What’s in Your (Digital) Wallet? The CFPB Seeks to Supervise Digital Wallets and Payment Applications

There are certain nonbank markets that the Consumer Financial Protection Bureau (“CFPB”) has the statutory right to supervise irrespective of size (e.g., mortgage, private education loan, payday lending). Then, there are other consumer finance markets to which Congress gave the CFPB supervisory authority over only “larger participants.” But what constitutes a “larger participant,” like what supervisory rules should be applied by the Bureau, was left in the first instance up to the CFPB.

The CFPB has already attempted to define what constitutes a “larger participant” for several industries, including consumer reporting, consumer debt collection, automobile financing, and student-loan servicing. In early November 2023, it proposed a new rule, this time defining what a “larger participant” meant when it comes to “general-use digital consumer application[s].” Per the proposed rule, such applications would encompass “providing a covered payment functionality through a digital application for consumer’s general use in making consumer payment transaction(s).” Although fleshed out through byzantine pathways of regulatory definitions and exceptions, the CFPB explained that its primary focus was digital wallets (“wallet functionality”) and payment apps (“fund transfer functionality”), most notably those offered by “Big Tech.”

To qualify as a “larger participant” in this market, the CFPB has tentatively proposed setting the bar as (1) providers that, with their affiliates, facilitate at least 5 million transactions annually in a general-use digital consumer payment application; and (2) providers that are not characterized as a “small business concern” as defined by the Small Business Administration (“SBA”). Such “larger participants” could be subject to compulsory examination and information sharing with the Bureau, all with the ostensible purpose of evaluating risks to consumers and consumer financial markets.

The CFPB explained that the focus of its supervisory efforts would be twofold.
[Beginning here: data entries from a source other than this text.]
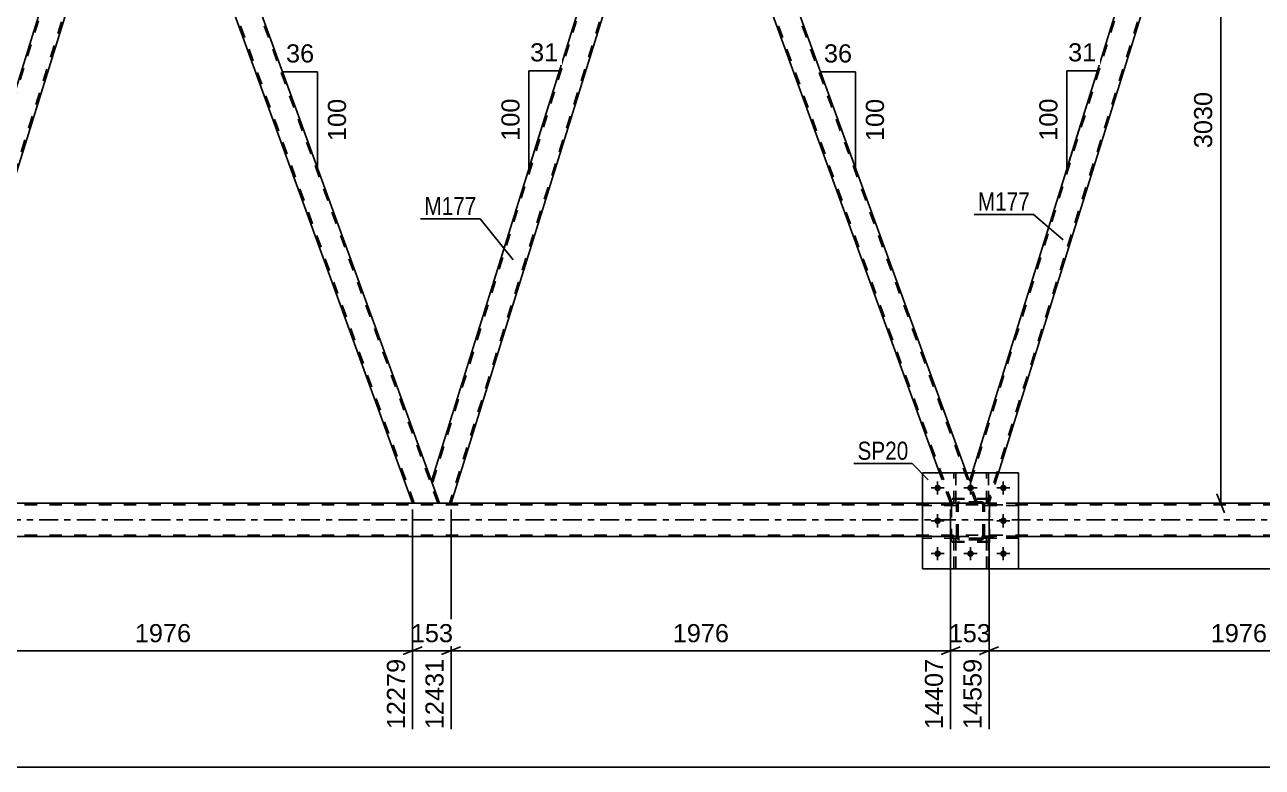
# Model space of a CAD drawing. Header units: millimetres. Extents: x 0 to 3371, y 0 to 1899.
# Drawn here: x 515.7 to 711.5, y 247.1 to 364.6 of the extents above; entities that cross this region are included whole.
import ezdxf

# ---------------------------------------------------------------- set-up
doc = ezdxf.new("R2010")
doc.units = ezdxf.units.MM
doc.linetypes.add('DXK_LINE_DOT2', pattern=[3.9198, 1.9599, -1.9599])
doc.linetypes.add('DXK_LINE_DOT3', pattern=[5.9187, 2.979, -0.9799, 0.9799, -0.9799])
doc.styles.add('Arial', font='ARIAL.TTF', dxfattribs={"height": 0.2})
doc.styles.add('Arial Narrow', font='ARIALN.TTF', dxfattribs={"height": 0.2})

# ---------------------------------------------------------------- blocks, each defined once
blk = doc.blocks.new('Part-203723786-3042 - 2801')
at = {"color": 7, "linetype": 'DXK_LINE_DOT2'}
for p, q in [((663.17, 288.84), (657.77, 288.84)), ((657.77, 288.52), (657.77, 288.84)), ((663.17, 288.52), (657.77, 288.52)), ((662.57, 288.52), (662.57, 288.84)), ((663.17, 288.84), (663.17, 288.52))]:
    blk.add_line(p, q, dxfattribs=at)
blk = doc.blocks.new('Part-203723786-2825 - 2801')
at = {"color": 2, "linetype": 'Continuous'}
for p, q in [((703.23, 410.08), (707.49, 410.08)), ((751.61, 288.86), (707.49, 410.08)), ((747.35, 288.86), (704.78, 405.83))]:
    blk.add_line(p, q, dxfattribs=at)
at = {"color": 7, "linetype": 'DXK_LINE_DOT2'}
for p, q in [((704.78, 405.83), (703.23, 410.08)), ((747.61, 288.86), (703.49, 410.08)), ((751.35, 288.86), (707.23, 410.08)), ((751.61, 288.86), (747.35, 288.86))]:
    blk.add_line(p, q, dxfattribs=at)
blk = doc.blocks.new('Part-203723786-2810 - 2801')
at = {"color": 7, "linetype": 'DXK_LINE_DOT2'}
for p, q in [((663.17, 288.6), (663.2, 288.78)), ((663.2, 288.78), (663.17, 288.6)), ((663.17, 283.56), (663.17, 288.6)), ((663.41, 288.6), (663.42, 288.69)), ((663.41, 283.56), (663.41, 288.6)), ((663.42, 288.69), (663.48, 288.77)), ((663.46, 289.04), (663.65, 289.08)), ((663.65, 289.08), (663.46, 289.04)), ((663.48, 288.77), (663.55, 288.82)), ((663.55, 288.82), (663.65, 288.84)), ((667.09, 289.08), (663.65, 289.08)), ((663.65, 288.84), (667.09, 288.84)), ((667.09, 289.08), (667.27, 289.04)), ((667.27, 289.04), (667.09, 289.08)), ((667.09, 288.84), (667.18, 288.82)), ((667.18, 288.82), (667.26, 288.77)), ((667.26, 288.77), (667.31, 288.69)), ((667.31, 288.69), (667.33, 288.6)), ((667.33, 283.56), (667.33, 288.6)), ((667.53, 288.78), (667.57, 288.6)), ((667.57, 288.6), (667.53, 288.78)), ((667.57, 283.56), (667.57, 288.6)), ((663.2, 283.38), (663.17, 283.56)), ((663.17, 283.56), (663.2, 283.38)), ((663.42, 283.47), (663.41, 283.56)), ((663.48, 283.39), (663.42, 283.47)), ((663.65, 283.08), (663.46, 283.12)), ((663.46, 283.12), (663.65, 283.08)), ((663.55, 283.34), (663.48, 283.39)), ((663.65, 283.32), (663.55, 283.34)), ((667.09, 283.32), (663.65, 283.32)), ((667.09, 283.08), (663.65, 283.08)), ((667.18, 283.34), (667.09, 283.32)), ((667.27, 283.12), (667.09, 283.08)), ((667.09, 283.08), (667.27, 283.12)), ((667.26, 283.39), (667.18, 283.34)), ((667.31, 283.47), (667.26, 283.39)), ((667.33, 283.56), (667.31, 283.47)), ((667.57, 283.56), (667.53, 283.38)), ((667.53, 283.38), (667.57, 283.56))]:
    blk.add_line(p, q, dxfattribs=at)
at = {"color": 7, "linetype": 'DXK_LINE_DOT3'}
blk.add_line((665.37, 286.08), (665.37, 286.08), dxfattribs=at)
at = {"color": 7, "linetype": 'DXK_LINE_DOT2'}
for centre, start, end in [((663.65, 288.6), 112.5, 157.5), ((663.65, 288.6), 112.5, 157.5), ((667.09, 288.6), 22.5, 67.5), ((667.09, 288.6), 22.5, 67.5), ((663.65, 283.56), 202.5, 247.5), ((663.65, 283.56), 202.5, 247.5), ((667.09, 283.56), 292.5, 337.5), ((667.09, 283.56), 292.5, 337.5)]:
    blk.add_arc(centre, 0.48, start, end, dxfattribs=at)
blk = doc.blocks.new('Part-203723786-2845 - 2801')
at = {"color": 7, "linetype": 'DXK_LINE_DOT2'}
for p, q in [((531.89, 410.08), (495.08, 291.96)), ((534.37, 406.2), (497.8, 288.86)), ((495.36, 293.68), (494.94, 292.33)), ((496.2, 288.86), (494.94, 292.33)), ((499.55, 293.68), (498.05, 288.86)), ((498.05, 288.86), (496.2, 288.86))]:
    blk.add_line(p, q, dxfattribs=at)
at = {"color": 2, "linetype": 'Continuous'}
for p, q in [((531.64, 410.08), (495.36, 293.68)), ((532.96, 410.08), (531.64, 410.08)), ((534.51, 405.83), (532.96, 410.08)), ((534.51, 405.83), (499.55, 293.68))]:
    blk.add_line(p, q, dxfattribs=at)
blk = doc.blocks.new('Part-203723786-2921 - 2801')
at = {"color": 7, "linetype": 'DXK_LINE_DOT2'}
for p, q in [((667.57, 288.52), (667.57, 288.84)), ((667.57, 288.84), (672.97, 288.84)), ((672.97, 288.52), (667.57, 288.52)), ((668.17, 288.52), (668.17, 288.84)), ((672.97, 288.84), (672.97, 288.52))]:
    blk.add_line(p, q, dxfattribs=at)
blk = doc.blocks.new('Part-203723786-3252 - 2801')
at = {"color": 7, "linetype": 'DXK_LINE_DOT2'}
for p, q in [((663.17, 283.64), (657.77, 283.64)), ((657.77, 283.32), (657.77, 283.64)), ((663.17, 283.32), (657.77, 283.32)), ((662.57, 283.32), (662.57, 283.64)), ((663.17, 283.64), (663.17, 283.32))]:
    blk.add_line(p, q, dxfattribs=at)
blk = doc.blocks.new('Part-203723786-2936 - 2801')
at = {"color": 7, "linetype": 'DXK_LINE_DOT2'}
for p, q in [((662.72, 278.48), (662.72, 283.32)), ((662.72, 283.32), (663.04, 283.32)), ((662.72, 282.72), (663.04, 282.72)), ((663.04, 283.32), (663.04, 278.48)), ((663.04, 278.48), (662.72, 278.48))]:
    blk.add_line(p, q, dxfattribs=at)
blk = doc.blocks.new('Part-203723786-3152 - 2801')
at = {"color": 7, "linetype": 'DXK_LINE_DOT2'}
for p, q in [((668.24, 283.32), (667.92, 283.32)), ((667.92, 283.32), (667.92, 278.48)), ((667.92, 282.72), (668.24, 282.72)), ((668.24, 278.48), (668.24, 283.32)), ((667.92, 278.48), (668.24, 278.48))]:
    blk.add_line(p, q, dxfattribs=at)
blk = doc.blocks.new('Part-203723786-2882 - 2801')
at = {"color": 7, "linetype": 'DXK_LINE_DOT2'}
for p, q in [((668.37, 289.62), (662.37, 289.62)), ((662.37, 282.82), (662.37, 289.62)), ((668.37, 282.82), (668.37, 289.62)), ((668.37, 282.82), (662.37, 282.82))]:
    blk.add_line(p, q, dxfattribs=at)
blk = doc.blocks.new('Part-203723786-3314 - 2801')
at = {"color": 7, "linetype": 'DXK_LINE_DOT2'}
for p, q in [((668.37, 289.48), (662.37, 289.48)), ((662.37, 282.68), (662.37, 289.48)), ((668.37, 282.68), (668.37, 289.48)), ((668.37, 282.68), (662.37, 282.68))]:
    blk.add_line(p, q, dxfattribs=at)
blk = doc.blocks.new('Part-203723786-2887 - 2801')
at = {"color": 2, "linetype": 'Continuous'}
for p, q in [((616.78, 410.08), (580.08, 292.33)), ((618.1, 410.08), (616.78, 410.08)), ((619.64, 405.83), (618.1, 410.08)), ((619.64, 405.83), (583.18, 288.86)), ((581.34, 288.86), (580.08, 292.33))]:
    blk.add_line(p, q, dxfattribs=at)
at = {"color": 7, "linetype": 'DXK_LINE_DOT2'}
for p, q in [((617.03, 410.08), (580.21, 291.96)), ((619.51, 406.2), (582.93, 288.86)), ((583.18, 288.86), (581.34, 288.86))]:
    blk.add_line(p, q, dxfattribs=at)
blk = doc.blocks.new('Part-203723786-2922 - 2801')
at = {"color": 7, "linetype": 'DXK_LINE_DOT2'}
for p, q in [((672.97, 288.84), (667.57, 288.84)), ((667.57, 288.84), (667.57, 288.52)), ((667.57, 288.52), (672.97, 288.52)), ((668.17, 288.52), (668.17, 288.84)), ((672.97, 288.52), (672.97, 288.84))]:
    blk.add_line(p, q, dxfattribs=at)
blk = doc.blocks.new('Part-203723786-2927 - 2801')
at = {"color": 2, "linetype": 'Continuous'}
for p, q in [((532.96, 410.08), (537.22, 410.08)), ((537.22, 410.08), (580.08, 292.33)), ((577.08, 288.86), (534.51, 405.83))]:
    blk.add_line(p, q, dxfattribs=at)
at = {"color": 7, "linetype": 'DXK_LINE_DOT2'}
for p, q in [((534.51, 405.83), (532.96, 410.08)), ((577.34, 288.86), (533.22, 410.08)), ((581.08, 288.86), (536.96, 410.08)), ((581.34, 288.86), (580.08, 292.33)), ((581.34, 288.86), (577.08, 288.86))]:
    blk.add_line(p, q, dxfattribs=at)
blk = doc.blocks.new('Part-203723786-3079 - 2801')
at = {"color": 7, "linetype": 'DXK_LINE_DOT2'}
for p, q in [((702.16, 410.08), (665.34, 291.96)), ((704.64, 406.2), (668.07, 288.86)), ((665.63, 293.68), (665.21, 292.33)), ((666.47, 288.86), (665.21, 292.33)), ((669.82, 293.68), (668.32, 288.86)), ((668.32, 288.86), (666.47, 288.86))]:
    blk.add_line(p, q, dxfattribs=at)
at = {"color": 2, "linetype": 'Continuous'}
for p, q in [((701.91, 410.08), (665.63, 293.68)), ((703.23, 410.08), (701.91, 410.08)), ((704.78, 405.83), (703.23, 410.08)), ((704.78, 405.83), (669.82, 293.68))]:
    blk.add_line(p, q, dxfattribs=at)
blk = doc.blocks.new('Part-203723786-3111 - 2801')
at = {"color": 7, "linetype": 'DXK_LINE_DOT2'}
for p, q in [((672.97, 283.64), (667.57, 283.64)), ((667.57, 283.64), (667.57, 283.32)), ((667.57, 283.32), (672.97, 283.32)), ((668.17, 283.32), (668.17, 283.64)), ((672.97, 283.32), (672.97, 283.64))]:
    blk.add_line(p, q, dxfattribs=at)
blk = doc.blocks.new('Part-203723786-3040 - 2801')
at = {"color": 7, "linetype": 'DXK_LINE_DOT2'}
for p, q in [((667.92, 288.84), (667.92, 293.68)), ((667.92, 293.68), (668.24, 293.68)), ((668.24, 293.68), (668.24, 288.84)), ((667.92, 289.44), (668.24, 289.44)), ((668.24, 288.84), (667.92, 288.84))]:
    blk.add_line(p, q, dxfattribs=at)
blk = doc.blocks.new('Part-203723786-3041 - 2801')
at = {"color": 7, "linetype": 'DXK_LINE_DOT2'}
for p, q in [((667.57, 283.32), (667.57, 283.64)), ((667.57, 283.64), (672.97, 283.64)), ((672.97, 283.32), (667.57, 283.32)), ((668.17, 283.32), (668.17, 283.64)), ((672.97, 283.64), (672.97, 283.32))]:
    blk.add_line(p, q, dxfattribs=at)
blk = doc.blocks.new('Part-203723786-3074 - 2801')
at = {"color": 2, "linetype": 'Continuous'}
for p, q in [((622.35, 410.08), (618.1, 410.08)), ((622.35, 410.08), (664.72, 293.68)), ((660.46, 293.68), (619.64, 405.83))]:
    blk.add_line(p, q, dxfattribs=at)
at = {"color": 7, "linetype": 'DXK_LINE_DOT2'}
for p, q in [((618.1, 410.08), (619.64, 405.83)), ((662.47, 288.86), (618.35, 410.08)), ((666.22, 288.86), (622.1, 410.08)), ((662.22, 288.86), (660.46, 293.68)), ((666.47, 288.86), (664.72, 293.68)), ((666.47, 288.86), (662.22, 288.86))]:
    blk.add_line(p, q, dxfattribs=at)
blk = doc.blocks.new('Part-203723786-3112 - 2801')
at = {"color": 7, "linetype": 'DXK_LINE_DOT2'}
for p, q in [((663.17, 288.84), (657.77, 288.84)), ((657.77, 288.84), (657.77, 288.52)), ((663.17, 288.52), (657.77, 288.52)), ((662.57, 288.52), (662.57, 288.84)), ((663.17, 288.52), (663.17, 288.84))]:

First, it hoped to police compliance with regulations targeting unfair, deceptive, and abusive acts and practices (“UDAAP”); consumer money transfers; and privacy protections. Second, it aimed to “foster a level playing field with depository institutions,” forcing these “larger participants” to undergo scrutiny commensurate with that applied to traditional depository institutions, such as banks and credit unions.

At present, it is projected that the CFPB’s definition, if adopted, would directly impact about 17 companies that account for a combined total of 88% of consumer payment transactions. Given the relatively low transaction-volume bar in the context of the payments industry (which could conceivably be reached even by truly nascent players, likely leading to the CFPB’s express exclusion of “small business concern[s]” from the definition), the rule could easily sweep up emerging players in the payments and digital wallet industries, potentially subjecting them to innovation-stifling levels of regulatory oversight. Seeming to acknowledge this potential for unintended reach, the CFPB made clear that it is continuing to evaluate the threshold and would await public comment before finalizing the standard.

Those interested in expressing their views to the CFPB should plan to submit responses within the comment period, which is currently slated to close in early January 2024.